Schematic of HBV replication and drug targets
The virus enters the hepatocyte using the sodium taurocholate cotransporting polypeptide as a receptor. cccDNA is generated by repairing the partially double stranded genome in the nucleus, whereupon viral transcription occurs. Encapsidation of the pregenomic RNA occurs in the cytoplasm via a complex interaction of viral and host proteins. Reverse transcription leading to negative and then positive strand synthesis occurs within the viral nucleocapsid. Viral assembly takes place in the ER. “Mature” nucleocapsids undergo assembly and coating with envelope proteins followed by budding and virion secretion into the blood. Potential targets for drug development are highlighted.
3-D structure of HCV
The three-dimensional structure of HCV is visualized and simulated by using electron cryomicroscopy of recombinant HCV-like viral particles.
iPSC-derived human hepatocytes
Human hepatocytes, generated from induced pluripotent stem cells derived from a patient, produce and exhibit hepatocyte-specific proteins (albumin) and functions (lipid and glycogen storage, organic anion transport). This regenerative medicine technology can be a valuable strategy for cell-based therapy of liver diseases.
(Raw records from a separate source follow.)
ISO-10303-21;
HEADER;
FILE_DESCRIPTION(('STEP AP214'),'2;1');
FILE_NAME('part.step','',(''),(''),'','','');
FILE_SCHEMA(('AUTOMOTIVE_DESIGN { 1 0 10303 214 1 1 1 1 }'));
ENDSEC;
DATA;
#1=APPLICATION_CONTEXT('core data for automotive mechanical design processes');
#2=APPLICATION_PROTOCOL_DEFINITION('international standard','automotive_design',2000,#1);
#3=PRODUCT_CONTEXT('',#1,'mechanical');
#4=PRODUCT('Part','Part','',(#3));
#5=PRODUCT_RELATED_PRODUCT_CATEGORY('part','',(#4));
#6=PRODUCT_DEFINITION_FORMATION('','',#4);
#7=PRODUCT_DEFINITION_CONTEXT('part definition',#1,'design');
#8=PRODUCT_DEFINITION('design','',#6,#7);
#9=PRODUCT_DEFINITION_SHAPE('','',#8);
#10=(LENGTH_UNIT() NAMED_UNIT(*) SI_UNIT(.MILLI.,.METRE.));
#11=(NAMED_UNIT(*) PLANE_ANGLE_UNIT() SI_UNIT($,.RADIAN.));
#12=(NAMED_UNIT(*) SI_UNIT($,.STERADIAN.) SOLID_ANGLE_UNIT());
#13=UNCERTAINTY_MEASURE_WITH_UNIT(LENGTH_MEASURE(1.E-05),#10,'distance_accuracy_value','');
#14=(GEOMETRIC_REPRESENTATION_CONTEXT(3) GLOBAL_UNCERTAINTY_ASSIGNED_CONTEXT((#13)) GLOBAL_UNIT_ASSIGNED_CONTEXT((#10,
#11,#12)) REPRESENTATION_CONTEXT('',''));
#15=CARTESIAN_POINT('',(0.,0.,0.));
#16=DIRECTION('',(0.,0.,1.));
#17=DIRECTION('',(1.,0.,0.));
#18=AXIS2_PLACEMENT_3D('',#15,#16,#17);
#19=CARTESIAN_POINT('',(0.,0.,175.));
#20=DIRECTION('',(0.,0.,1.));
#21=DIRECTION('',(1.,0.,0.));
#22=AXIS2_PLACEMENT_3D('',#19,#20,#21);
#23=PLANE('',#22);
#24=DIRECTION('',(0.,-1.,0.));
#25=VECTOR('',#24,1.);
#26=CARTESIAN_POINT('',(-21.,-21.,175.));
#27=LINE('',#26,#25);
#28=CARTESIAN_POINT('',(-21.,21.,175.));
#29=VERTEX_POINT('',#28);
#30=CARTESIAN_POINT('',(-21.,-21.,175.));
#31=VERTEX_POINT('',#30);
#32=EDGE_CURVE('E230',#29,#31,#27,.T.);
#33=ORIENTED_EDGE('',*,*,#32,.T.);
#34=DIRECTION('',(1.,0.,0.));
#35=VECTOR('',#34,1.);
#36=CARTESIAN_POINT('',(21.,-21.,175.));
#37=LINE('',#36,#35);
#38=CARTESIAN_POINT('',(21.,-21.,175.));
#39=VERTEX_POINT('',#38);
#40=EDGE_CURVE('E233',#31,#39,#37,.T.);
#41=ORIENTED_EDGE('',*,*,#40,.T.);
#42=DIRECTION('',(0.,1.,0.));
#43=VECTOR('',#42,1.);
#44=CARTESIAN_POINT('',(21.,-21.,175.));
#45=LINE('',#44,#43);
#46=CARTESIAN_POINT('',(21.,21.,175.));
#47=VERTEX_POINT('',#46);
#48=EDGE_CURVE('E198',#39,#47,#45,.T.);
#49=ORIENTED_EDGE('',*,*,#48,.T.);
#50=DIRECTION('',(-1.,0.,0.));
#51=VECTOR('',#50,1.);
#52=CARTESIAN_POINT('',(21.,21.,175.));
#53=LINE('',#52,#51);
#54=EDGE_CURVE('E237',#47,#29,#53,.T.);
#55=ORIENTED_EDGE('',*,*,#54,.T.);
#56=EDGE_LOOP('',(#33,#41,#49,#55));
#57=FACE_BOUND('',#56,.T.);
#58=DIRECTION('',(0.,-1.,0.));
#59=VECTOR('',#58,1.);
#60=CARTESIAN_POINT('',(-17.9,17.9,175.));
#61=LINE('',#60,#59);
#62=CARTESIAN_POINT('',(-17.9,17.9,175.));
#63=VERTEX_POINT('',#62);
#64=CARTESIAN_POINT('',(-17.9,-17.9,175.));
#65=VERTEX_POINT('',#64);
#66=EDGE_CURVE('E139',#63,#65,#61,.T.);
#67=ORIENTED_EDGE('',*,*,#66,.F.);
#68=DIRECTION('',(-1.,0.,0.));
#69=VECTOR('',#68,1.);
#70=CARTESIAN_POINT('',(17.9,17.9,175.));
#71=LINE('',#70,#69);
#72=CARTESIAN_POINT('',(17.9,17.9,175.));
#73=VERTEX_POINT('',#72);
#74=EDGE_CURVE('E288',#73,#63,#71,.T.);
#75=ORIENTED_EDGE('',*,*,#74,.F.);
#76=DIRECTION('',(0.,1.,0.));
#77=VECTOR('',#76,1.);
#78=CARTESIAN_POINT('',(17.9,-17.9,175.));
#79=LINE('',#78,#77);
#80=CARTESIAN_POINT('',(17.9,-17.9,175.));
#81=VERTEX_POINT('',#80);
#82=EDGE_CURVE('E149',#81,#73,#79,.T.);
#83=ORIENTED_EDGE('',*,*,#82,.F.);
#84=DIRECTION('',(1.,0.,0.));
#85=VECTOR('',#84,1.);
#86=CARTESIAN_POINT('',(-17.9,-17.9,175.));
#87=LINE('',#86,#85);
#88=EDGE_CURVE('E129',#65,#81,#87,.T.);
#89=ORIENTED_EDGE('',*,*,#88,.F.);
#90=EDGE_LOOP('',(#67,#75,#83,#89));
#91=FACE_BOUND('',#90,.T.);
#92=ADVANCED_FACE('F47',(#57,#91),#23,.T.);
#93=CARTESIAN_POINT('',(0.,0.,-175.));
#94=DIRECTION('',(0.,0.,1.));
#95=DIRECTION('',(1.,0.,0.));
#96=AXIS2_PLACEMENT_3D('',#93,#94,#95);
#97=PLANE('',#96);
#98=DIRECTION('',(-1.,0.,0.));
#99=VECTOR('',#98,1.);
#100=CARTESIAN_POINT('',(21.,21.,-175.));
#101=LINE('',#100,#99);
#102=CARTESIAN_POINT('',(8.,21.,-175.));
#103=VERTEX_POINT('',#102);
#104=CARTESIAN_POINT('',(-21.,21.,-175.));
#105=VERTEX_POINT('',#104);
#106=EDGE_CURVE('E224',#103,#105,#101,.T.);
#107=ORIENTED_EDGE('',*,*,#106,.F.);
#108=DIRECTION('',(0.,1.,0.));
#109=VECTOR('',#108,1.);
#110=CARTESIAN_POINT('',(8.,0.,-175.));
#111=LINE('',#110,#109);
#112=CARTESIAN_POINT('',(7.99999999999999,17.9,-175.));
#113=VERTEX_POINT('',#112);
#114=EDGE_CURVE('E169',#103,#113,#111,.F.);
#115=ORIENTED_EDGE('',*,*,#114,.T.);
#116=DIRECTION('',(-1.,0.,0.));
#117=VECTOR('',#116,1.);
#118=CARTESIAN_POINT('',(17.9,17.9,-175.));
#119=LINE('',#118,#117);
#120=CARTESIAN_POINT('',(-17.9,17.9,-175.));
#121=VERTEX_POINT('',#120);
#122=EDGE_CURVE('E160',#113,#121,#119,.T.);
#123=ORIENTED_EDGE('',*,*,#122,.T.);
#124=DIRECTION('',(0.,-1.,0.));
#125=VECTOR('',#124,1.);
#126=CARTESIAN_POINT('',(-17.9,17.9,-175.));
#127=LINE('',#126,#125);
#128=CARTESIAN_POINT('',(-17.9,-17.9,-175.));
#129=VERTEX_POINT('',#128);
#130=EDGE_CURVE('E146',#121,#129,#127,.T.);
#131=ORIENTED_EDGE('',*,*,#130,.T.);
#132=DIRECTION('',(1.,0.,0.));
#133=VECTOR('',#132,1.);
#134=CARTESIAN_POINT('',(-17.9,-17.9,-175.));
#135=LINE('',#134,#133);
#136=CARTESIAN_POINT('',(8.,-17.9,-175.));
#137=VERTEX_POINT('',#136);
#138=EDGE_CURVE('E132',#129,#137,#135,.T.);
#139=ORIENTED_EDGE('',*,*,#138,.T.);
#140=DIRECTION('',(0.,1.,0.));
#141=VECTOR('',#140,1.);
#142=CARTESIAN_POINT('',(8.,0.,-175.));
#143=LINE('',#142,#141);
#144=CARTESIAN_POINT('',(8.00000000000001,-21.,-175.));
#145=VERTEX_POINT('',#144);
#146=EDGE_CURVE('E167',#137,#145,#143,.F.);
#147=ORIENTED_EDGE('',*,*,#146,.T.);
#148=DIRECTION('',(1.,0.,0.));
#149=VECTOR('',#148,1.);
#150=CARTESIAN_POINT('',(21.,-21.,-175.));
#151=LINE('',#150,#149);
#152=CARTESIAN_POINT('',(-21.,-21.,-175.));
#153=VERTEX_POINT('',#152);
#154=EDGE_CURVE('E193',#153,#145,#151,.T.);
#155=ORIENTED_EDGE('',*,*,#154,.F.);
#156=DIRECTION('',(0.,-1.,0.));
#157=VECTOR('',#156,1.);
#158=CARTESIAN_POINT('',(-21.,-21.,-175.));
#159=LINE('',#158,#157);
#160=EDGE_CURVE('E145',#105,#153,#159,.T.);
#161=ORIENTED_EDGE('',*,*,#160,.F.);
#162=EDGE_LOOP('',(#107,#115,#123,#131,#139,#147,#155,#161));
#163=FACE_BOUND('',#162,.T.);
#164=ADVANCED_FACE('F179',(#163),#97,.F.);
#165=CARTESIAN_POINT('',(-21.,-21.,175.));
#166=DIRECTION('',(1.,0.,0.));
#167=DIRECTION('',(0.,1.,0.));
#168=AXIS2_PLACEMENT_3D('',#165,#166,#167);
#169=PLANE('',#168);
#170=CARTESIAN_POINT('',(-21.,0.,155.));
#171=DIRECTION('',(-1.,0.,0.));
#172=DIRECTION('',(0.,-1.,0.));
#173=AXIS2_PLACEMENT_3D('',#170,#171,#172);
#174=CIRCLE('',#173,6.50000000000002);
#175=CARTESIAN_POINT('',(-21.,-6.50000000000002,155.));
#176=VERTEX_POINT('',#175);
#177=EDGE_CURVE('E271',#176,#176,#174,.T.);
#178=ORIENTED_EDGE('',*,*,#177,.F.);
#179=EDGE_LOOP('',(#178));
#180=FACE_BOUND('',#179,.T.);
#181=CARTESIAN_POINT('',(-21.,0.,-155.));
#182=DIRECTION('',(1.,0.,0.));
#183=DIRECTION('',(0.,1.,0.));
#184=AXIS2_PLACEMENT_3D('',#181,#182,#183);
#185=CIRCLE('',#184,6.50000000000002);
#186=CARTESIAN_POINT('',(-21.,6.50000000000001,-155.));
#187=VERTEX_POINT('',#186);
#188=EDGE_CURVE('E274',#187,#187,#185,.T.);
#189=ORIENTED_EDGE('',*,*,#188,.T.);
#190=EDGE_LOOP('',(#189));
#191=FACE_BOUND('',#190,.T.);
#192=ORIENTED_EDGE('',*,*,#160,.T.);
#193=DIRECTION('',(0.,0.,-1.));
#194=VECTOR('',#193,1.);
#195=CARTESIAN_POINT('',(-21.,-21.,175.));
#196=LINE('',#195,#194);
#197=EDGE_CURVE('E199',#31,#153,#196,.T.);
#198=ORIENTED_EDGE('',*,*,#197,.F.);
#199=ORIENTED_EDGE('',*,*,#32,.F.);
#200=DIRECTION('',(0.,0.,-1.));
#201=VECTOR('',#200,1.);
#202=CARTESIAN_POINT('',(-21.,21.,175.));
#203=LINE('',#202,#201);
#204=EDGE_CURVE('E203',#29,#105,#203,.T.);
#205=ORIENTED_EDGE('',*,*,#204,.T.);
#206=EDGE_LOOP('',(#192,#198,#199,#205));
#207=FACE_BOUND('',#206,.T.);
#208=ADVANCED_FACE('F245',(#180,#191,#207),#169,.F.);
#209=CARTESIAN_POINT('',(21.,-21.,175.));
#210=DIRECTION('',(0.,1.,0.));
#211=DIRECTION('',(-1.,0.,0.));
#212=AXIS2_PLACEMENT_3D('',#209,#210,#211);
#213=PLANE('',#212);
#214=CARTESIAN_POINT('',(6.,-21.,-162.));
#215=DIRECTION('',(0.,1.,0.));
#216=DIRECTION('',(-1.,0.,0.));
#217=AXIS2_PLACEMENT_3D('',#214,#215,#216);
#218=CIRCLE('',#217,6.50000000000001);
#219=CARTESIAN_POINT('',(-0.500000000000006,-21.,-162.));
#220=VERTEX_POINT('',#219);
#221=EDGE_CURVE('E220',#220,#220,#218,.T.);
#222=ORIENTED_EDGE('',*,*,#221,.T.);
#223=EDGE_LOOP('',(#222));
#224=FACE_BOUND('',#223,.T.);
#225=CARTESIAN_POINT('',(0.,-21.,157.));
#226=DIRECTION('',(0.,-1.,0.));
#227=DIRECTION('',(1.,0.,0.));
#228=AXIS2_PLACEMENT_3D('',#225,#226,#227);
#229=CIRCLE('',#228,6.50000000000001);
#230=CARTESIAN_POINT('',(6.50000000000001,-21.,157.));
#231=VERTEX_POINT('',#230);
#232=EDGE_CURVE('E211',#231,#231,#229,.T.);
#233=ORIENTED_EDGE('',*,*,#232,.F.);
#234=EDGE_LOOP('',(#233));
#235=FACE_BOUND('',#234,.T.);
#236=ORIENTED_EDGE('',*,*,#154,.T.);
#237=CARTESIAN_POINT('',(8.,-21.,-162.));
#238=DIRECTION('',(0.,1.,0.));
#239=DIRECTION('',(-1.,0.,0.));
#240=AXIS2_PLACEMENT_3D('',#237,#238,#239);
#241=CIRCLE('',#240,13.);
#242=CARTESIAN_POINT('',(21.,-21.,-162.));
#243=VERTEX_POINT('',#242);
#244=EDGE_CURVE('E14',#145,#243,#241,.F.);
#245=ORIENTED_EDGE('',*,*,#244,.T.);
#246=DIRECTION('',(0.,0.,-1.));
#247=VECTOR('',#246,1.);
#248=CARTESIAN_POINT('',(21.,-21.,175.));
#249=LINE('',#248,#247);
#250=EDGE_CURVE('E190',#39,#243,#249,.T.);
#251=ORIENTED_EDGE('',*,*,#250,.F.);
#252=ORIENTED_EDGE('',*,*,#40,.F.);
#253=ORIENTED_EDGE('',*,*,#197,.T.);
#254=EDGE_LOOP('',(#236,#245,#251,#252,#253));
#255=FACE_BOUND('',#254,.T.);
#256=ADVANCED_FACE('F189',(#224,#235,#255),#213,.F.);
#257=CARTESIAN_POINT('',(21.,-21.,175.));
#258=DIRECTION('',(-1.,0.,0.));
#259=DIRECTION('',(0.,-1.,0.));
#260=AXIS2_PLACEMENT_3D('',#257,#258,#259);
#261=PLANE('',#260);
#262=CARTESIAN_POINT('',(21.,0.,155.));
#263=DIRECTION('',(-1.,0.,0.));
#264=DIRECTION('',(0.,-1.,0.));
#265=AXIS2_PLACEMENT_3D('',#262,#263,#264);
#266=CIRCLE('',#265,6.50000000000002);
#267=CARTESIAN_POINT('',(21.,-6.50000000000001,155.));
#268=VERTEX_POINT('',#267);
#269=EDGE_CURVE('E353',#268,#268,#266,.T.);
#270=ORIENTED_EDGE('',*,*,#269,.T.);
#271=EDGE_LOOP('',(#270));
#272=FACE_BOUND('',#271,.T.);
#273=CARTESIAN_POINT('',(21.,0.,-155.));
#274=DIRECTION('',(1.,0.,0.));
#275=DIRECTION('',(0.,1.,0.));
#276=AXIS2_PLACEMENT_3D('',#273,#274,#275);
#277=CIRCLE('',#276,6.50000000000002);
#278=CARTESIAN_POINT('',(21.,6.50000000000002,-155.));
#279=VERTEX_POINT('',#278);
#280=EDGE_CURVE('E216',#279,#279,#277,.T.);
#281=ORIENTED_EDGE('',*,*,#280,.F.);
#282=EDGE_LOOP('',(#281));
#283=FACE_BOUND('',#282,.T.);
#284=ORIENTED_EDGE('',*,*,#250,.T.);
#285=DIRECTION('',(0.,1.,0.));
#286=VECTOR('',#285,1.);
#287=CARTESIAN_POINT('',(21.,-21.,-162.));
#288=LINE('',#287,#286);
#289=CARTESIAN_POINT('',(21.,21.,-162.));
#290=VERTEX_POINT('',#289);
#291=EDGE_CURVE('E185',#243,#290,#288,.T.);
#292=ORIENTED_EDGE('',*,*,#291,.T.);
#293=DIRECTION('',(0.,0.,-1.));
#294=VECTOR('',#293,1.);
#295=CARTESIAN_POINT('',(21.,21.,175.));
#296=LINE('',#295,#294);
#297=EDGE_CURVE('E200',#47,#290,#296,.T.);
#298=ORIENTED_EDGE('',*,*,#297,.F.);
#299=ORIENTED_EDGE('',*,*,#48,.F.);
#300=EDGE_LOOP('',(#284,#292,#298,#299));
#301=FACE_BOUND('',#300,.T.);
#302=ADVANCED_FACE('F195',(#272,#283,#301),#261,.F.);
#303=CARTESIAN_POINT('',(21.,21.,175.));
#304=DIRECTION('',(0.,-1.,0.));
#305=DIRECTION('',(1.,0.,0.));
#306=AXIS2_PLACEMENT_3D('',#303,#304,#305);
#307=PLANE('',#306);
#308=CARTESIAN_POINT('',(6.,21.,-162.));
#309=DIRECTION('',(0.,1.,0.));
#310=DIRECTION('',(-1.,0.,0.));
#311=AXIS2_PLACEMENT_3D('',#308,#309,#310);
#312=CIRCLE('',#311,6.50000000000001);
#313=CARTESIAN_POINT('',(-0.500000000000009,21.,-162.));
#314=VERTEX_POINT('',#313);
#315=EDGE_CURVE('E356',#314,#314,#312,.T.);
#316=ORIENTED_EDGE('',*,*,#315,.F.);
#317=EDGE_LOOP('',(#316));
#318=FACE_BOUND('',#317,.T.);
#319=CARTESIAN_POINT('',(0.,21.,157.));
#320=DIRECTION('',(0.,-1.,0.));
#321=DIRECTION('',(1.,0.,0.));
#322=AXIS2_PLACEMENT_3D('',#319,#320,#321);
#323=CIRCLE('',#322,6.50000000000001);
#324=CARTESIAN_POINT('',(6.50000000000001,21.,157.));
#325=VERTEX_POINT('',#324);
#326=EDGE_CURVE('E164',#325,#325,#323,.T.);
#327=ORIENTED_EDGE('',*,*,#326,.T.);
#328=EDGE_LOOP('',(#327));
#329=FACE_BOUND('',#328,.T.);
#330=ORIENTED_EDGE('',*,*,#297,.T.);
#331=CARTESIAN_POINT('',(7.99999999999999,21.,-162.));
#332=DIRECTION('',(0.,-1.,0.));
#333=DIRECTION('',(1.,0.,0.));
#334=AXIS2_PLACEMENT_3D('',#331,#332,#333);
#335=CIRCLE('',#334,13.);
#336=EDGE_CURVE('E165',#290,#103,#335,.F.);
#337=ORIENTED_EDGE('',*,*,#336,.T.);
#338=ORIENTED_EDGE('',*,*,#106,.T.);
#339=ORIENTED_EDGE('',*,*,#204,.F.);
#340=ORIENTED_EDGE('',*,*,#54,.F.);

Induction of steatosis by HCV
HCV infection of human hepatocyte-derived cells induces a lipogenic program that results in massive accumulation of lipid droplets (green and yellow structures). This is known as steatosis and is essential for HCV propagation.
Electron Micrograph of HCV-like Particles 1
Recombinant HCV-like particles produced in baculovirus-insect cell system are visualized by immunogold labeling in electron micrograph
Electron Micrograph of HCV-like Particles 2
Recombinant HCV-like particles generated in baculovirus-insect cells are purified and visualized by electron micrography.
Lipidation of Hepatitis C virus by Cellular Protein TM6SF2
During HCV budding inside the ER lumen, apolipoproteins B and E associate with the enveloped virus. Once released into the ER, the nascent virion acquires all the components of lipoprotein (apolipoproteins and lipids) to the infectious form of HCV. Together with MTP, TM6SF2 facilitates lipid loading onto the newly assembled virion during the budding and/or maturation process.
Spreading of HBV in Induced Hepatocyte-Like Cells
iHLCs were infected with HBV for 7 days, and then trypsinized and co-cultured with GFP-lentivirus transduced HLCs with or without Myrcludex B. Eight days after co-culture, RNAscope was used to evaluate HBV replication. White arrowheads indicate spreading of HBV to non-infected GFP-positive cells.